We are given three files. One containing blogs, one with news articles, and another with Twitter tweets.
The blogs file contains 899288 lines containing 36815824 words. Of these words 397690 are unique. The average number of words per line is 40.9389.
The news file contains 1010242 lines containing 33468015 words. Of these words 311115 are unique. The average number of words per line is 33.1287.
The twitter file contains 2360148 lines containing 29354754 words. Of these words 478662 are unique. The average number of words per line is 12.4377.
In total there are 99638593 words, of those 904589 are unique. This gives us on average 110.1479 uses of each word.
To do more detailed analysis, we should remove stop words provided by the R tm package. We can look at the top 100 words excluding these stop words:
will said just one like can get time new good now day know love people us back go see first also make going think last great much year two really way today got even want work still right years thanks need many rt life say take come made little never home may best u next week night things school something game lol always around another happy better every state world look show big long since man feel city help three sure hope thing follow find use days getting lot keep says ever house place team put tonight family part give
We can also plot the usage count of the top 1000 words excluding stop words.
This shows us that the top 20% of words are used 98.3008% of the time.
We can also compare the number of stop words and non-stop words by file.

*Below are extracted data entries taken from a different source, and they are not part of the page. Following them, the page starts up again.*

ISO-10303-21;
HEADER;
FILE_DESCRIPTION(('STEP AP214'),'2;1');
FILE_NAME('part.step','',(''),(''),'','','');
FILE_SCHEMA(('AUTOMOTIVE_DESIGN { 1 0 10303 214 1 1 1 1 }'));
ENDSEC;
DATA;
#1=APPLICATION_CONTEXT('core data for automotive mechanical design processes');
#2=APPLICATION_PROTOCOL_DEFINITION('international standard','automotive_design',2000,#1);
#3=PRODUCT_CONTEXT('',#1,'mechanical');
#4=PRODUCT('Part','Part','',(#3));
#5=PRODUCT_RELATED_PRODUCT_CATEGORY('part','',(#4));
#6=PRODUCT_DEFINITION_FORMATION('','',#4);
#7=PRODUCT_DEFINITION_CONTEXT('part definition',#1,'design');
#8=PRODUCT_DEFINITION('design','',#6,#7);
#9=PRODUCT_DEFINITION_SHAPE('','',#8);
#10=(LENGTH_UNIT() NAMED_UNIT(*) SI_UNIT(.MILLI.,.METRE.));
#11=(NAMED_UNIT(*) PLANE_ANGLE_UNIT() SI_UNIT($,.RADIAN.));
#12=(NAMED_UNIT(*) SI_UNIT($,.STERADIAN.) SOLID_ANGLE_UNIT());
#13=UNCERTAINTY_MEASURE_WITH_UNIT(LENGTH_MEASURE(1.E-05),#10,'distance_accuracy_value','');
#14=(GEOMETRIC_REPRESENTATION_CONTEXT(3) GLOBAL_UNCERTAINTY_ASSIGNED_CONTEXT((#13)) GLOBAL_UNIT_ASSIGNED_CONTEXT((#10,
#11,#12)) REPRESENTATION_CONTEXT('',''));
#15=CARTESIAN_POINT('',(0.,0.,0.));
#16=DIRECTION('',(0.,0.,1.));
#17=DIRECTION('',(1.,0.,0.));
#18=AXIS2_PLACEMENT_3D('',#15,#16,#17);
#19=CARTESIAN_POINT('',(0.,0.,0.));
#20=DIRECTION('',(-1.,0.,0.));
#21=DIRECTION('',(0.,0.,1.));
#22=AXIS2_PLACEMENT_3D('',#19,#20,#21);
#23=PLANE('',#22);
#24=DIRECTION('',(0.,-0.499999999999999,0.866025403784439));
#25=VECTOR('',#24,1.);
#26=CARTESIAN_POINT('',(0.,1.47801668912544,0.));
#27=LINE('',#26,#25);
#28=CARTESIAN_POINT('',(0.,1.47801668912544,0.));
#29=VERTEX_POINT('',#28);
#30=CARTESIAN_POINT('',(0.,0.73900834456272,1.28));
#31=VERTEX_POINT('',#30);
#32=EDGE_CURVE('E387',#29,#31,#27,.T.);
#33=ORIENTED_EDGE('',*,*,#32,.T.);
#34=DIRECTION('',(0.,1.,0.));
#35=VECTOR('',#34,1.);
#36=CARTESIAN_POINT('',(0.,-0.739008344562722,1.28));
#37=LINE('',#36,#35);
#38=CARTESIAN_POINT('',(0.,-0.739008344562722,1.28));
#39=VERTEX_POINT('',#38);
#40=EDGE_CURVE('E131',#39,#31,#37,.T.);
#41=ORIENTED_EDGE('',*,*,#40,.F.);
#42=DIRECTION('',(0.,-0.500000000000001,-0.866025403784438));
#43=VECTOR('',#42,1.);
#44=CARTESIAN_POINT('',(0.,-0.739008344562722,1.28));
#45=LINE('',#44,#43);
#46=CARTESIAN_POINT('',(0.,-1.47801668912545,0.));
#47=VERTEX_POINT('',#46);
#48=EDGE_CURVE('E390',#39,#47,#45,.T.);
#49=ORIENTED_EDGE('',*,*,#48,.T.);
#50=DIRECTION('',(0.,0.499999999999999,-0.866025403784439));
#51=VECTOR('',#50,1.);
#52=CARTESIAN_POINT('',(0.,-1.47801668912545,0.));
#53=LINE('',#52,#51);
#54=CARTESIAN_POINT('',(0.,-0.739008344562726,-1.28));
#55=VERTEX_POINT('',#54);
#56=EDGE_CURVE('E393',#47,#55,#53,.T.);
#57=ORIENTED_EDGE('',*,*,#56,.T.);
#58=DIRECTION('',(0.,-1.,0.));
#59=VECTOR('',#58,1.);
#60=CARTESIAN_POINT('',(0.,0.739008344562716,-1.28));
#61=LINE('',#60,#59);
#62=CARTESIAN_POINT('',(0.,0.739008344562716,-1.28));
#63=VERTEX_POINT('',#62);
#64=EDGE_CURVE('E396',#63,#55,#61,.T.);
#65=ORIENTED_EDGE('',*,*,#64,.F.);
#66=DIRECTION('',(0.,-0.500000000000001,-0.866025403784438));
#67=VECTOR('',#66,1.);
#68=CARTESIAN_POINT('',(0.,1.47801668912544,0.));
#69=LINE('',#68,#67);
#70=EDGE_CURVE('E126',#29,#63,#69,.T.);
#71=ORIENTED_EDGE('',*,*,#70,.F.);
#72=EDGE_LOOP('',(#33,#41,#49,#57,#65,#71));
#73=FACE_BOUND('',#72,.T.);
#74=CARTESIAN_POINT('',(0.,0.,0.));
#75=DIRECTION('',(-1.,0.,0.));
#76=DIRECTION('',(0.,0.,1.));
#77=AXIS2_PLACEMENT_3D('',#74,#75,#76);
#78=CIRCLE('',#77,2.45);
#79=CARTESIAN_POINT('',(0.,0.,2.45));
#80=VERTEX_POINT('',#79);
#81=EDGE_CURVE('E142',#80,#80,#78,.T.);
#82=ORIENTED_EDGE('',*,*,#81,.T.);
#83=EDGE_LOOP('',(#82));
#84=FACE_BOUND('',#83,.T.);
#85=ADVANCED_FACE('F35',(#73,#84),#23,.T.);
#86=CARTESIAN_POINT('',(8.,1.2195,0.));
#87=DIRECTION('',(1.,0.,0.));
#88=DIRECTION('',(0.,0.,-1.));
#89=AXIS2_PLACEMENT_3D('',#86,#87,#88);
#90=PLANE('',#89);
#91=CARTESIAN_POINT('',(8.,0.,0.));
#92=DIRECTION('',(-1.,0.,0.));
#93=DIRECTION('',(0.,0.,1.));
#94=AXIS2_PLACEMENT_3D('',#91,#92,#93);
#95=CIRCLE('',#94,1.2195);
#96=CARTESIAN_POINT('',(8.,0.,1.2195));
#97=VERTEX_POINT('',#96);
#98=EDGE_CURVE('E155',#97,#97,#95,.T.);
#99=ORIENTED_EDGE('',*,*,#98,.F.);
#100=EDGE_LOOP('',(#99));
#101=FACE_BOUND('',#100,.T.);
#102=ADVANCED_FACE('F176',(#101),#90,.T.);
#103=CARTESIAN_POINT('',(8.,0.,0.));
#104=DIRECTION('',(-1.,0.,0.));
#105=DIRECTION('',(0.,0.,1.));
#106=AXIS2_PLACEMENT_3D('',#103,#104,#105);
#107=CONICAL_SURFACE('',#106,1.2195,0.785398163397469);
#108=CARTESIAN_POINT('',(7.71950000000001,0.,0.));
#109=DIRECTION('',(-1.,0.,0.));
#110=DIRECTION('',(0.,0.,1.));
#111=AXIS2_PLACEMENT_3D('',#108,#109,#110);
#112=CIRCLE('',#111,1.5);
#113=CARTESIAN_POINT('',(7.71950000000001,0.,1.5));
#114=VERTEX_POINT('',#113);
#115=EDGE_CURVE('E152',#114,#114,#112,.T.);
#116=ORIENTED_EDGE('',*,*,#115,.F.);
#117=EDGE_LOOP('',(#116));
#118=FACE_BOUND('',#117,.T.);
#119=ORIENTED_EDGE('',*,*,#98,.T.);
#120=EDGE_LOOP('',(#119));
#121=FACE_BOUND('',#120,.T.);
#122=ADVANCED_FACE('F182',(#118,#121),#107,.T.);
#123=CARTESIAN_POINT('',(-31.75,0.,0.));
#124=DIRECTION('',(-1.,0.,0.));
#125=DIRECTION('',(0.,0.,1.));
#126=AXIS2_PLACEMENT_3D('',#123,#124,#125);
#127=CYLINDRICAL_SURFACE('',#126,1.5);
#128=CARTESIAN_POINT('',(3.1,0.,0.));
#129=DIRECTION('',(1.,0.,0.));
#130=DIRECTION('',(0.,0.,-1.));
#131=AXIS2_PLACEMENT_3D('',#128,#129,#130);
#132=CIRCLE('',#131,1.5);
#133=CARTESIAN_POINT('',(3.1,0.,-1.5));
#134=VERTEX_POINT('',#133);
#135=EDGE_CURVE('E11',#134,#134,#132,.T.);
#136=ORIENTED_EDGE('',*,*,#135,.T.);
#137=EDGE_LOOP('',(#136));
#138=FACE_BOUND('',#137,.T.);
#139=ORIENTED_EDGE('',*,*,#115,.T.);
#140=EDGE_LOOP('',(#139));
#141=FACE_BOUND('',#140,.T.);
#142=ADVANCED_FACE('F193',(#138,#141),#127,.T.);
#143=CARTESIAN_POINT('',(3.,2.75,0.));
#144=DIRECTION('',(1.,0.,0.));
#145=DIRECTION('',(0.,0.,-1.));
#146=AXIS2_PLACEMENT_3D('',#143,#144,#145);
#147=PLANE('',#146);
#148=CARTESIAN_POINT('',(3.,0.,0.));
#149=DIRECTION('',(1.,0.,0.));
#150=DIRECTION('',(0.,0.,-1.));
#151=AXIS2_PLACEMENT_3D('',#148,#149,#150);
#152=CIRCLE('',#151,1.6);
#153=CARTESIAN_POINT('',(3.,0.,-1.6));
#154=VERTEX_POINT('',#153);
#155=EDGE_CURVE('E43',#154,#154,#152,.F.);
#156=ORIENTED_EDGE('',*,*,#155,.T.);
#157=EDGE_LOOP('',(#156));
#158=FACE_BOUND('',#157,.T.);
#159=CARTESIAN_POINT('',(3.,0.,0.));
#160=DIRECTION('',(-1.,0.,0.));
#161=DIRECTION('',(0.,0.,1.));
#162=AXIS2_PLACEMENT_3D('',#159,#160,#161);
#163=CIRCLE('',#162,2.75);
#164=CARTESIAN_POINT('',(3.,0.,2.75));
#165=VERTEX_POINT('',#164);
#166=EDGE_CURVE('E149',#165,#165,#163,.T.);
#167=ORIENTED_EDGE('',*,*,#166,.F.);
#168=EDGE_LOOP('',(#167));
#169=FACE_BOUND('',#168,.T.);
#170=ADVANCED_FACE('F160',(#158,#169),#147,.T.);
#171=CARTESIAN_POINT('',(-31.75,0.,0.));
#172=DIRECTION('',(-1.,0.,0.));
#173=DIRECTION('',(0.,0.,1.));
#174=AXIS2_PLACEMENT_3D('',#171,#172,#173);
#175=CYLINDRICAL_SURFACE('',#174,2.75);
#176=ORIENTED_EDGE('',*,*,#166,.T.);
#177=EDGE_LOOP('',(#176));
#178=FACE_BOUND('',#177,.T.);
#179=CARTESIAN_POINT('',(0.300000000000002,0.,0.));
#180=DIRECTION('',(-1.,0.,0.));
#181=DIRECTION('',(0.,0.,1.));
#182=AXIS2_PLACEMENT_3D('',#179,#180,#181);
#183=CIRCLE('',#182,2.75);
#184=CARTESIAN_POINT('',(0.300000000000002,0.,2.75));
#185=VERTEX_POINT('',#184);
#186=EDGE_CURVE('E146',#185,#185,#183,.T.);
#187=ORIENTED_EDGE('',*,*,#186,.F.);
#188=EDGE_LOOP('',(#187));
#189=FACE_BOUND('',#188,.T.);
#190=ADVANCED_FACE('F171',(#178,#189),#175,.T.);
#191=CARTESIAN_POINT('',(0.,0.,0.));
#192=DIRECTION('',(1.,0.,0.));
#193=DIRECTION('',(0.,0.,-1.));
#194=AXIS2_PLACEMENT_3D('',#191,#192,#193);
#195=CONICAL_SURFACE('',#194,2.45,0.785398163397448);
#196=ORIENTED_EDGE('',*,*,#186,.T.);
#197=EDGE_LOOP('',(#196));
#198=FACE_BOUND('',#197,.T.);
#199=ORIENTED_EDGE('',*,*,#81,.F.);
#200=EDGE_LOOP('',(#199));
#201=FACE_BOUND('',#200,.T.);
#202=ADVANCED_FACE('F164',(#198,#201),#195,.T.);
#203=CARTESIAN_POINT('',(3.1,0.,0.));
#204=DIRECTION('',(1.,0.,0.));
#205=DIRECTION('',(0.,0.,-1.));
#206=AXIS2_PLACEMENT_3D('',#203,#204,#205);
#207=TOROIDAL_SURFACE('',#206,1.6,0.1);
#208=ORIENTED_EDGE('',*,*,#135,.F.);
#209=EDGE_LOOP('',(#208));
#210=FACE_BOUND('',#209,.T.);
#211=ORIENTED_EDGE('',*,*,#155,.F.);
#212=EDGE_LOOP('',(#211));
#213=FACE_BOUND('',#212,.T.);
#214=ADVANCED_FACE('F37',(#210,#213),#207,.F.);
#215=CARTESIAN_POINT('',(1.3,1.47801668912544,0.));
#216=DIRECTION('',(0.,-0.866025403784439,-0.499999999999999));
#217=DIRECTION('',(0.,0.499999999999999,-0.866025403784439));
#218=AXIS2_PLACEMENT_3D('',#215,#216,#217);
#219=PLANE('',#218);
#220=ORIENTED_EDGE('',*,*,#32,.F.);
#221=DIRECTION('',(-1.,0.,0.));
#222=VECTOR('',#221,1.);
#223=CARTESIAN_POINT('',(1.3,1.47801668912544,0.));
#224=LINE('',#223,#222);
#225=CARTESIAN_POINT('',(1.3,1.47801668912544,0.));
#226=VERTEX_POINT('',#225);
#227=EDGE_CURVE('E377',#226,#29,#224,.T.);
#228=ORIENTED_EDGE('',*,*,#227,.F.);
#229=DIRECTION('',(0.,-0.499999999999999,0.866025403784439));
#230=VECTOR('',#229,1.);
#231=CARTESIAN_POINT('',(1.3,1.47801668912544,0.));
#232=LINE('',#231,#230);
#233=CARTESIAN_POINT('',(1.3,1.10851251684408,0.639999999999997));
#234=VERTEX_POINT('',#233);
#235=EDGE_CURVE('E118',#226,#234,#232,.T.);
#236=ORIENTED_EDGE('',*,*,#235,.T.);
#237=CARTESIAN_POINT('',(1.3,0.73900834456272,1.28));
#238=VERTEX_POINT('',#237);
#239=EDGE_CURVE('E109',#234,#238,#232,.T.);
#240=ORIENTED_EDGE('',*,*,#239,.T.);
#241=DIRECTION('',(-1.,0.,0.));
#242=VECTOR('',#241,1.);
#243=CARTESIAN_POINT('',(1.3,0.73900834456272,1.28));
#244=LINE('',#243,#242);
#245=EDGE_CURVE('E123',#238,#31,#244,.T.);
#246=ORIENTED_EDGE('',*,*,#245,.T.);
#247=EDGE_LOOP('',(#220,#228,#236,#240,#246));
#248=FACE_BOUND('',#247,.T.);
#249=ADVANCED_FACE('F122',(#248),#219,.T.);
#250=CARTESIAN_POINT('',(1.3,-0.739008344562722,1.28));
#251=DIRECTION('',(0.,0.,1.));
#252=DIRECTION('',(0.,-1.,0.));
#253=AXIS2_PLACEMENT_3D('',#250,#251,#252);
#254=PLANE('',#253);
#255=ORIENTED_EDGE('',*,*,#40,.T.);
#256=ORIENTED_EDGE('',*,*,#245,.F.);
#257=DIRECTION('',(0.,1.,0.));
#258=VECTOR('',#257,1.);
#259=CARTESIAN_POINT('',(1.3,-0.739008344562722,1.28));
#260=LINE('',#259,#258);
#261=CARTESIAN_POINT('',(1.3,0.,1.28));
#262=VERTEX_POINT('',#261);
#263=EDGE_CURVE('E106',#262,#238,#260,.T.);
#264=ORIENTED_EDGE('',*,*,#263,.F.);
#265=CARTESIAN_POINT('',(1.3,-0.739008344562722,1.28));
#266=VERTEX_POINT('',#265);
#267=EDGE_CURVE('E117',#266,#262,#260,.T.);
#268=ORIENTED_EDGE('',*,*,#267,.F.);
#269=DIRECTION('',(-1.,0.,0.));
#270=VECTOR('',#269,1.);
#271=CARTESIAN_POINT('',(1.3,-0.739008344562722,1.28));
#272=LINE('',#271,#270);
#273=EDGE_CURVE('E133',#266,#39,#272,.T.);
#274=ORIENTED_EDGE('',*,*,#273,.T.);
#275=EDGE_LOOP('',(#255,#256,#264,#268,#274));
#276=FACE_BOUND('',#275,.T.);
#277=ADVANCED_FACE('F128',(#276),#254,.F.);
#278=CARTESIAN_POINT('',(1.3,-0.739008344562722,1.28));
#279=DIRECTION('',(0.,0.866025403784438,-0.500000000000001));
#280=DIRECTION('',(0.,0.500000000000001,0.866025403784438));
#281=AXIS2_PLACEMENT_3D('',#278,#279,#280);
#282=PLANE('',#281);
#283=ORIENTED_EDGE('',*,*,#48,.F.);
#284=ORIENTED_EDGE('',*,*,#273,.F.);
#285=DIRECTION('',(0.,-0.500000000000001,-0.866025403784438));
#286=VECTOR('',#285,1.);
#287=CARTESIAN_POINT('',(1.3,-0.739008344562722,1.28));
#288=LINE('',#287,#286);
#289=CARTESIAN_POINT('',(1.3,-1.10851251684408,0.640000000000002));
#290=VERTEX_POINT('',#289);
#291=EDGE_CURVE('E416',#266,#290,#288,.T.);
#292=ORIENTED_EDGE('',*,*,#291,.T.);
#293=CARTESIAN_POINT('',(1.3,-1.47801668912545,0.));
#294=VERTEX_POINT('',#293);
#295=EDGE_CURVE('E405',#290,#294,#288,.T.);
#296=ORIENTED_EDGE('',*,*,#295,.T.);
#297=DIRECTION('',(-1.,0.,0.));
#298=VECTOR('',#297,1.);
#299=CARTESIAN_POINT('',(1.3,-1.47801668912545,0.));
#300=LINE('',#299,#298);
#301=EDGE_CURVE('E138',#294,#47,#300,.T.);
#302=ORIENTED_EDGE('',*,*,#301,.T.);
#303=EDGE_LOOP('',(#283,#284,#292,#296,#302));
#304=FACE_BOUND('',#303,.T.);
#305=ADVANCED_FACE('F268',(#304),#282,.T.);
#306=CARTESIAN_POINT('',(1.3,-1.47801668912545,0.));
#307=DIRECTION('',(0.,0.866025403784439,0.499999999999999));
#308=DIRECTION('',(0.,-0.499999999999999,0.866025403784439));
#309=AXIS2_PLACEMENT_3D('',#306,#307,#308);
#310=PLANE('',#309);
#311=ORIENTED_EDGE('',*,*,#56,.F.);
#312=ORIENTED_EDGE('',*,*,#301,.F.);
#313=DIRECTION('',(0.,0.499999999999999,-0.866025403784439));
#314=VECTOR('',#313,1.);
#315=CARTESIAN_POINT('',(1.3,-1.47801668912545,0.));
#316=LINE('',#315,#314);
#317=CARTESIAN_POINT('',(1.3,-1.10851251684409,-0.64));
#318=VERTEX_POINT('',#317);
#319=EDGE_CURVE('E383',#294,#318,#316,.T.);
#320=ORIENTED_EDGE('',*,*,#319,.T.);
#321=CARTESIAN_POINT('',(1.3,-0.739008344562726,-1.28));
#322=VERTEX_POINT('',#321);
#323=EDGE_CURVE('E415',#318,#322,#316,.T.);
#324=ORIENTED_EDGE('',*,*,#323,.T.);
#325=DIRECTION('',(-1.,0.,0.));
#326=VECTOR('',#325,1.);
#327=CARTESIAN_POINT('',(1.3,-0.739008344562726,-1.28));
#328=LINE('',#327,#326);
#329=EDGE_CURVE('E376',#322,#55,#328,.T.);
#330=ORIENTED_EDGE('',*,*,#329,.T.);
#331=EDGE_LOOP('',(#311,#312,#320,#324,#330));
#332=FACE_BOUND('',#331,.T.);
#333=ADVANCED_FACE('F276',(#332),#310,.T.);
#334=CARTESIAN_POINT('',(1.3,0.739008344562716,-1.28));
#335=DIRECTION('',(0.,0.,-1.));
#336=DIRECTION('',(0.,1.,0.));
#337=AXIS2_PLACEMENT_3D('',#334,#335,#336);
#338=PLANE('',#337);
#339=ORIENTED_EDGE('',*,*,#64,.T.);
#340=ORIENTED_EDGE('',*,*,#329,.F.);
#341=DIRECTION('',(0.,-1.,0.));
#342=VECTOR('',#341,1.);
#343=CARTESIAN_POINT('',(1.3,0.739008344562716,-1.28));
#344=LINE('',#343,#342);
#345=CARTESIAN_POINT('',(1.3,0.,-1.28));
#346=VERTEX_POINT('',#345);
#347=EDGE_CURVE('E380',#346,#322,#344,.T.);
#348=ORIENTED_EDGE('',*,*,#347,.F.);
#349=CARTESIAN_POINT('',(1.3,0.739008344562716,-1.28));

For building a predictive algorithm, it would seem the most important feature is the last word prior to the word being predicted. If the last word is a stop word, it may help to include the previous words until a word which is not a stop word is found. From here we can use occurances of that word or sequence of words in our training corpus to find candidate predictions. When multiple candidate predictions exist, we could build a model using the word counts of previous words in our corpus to predict the subsequent word.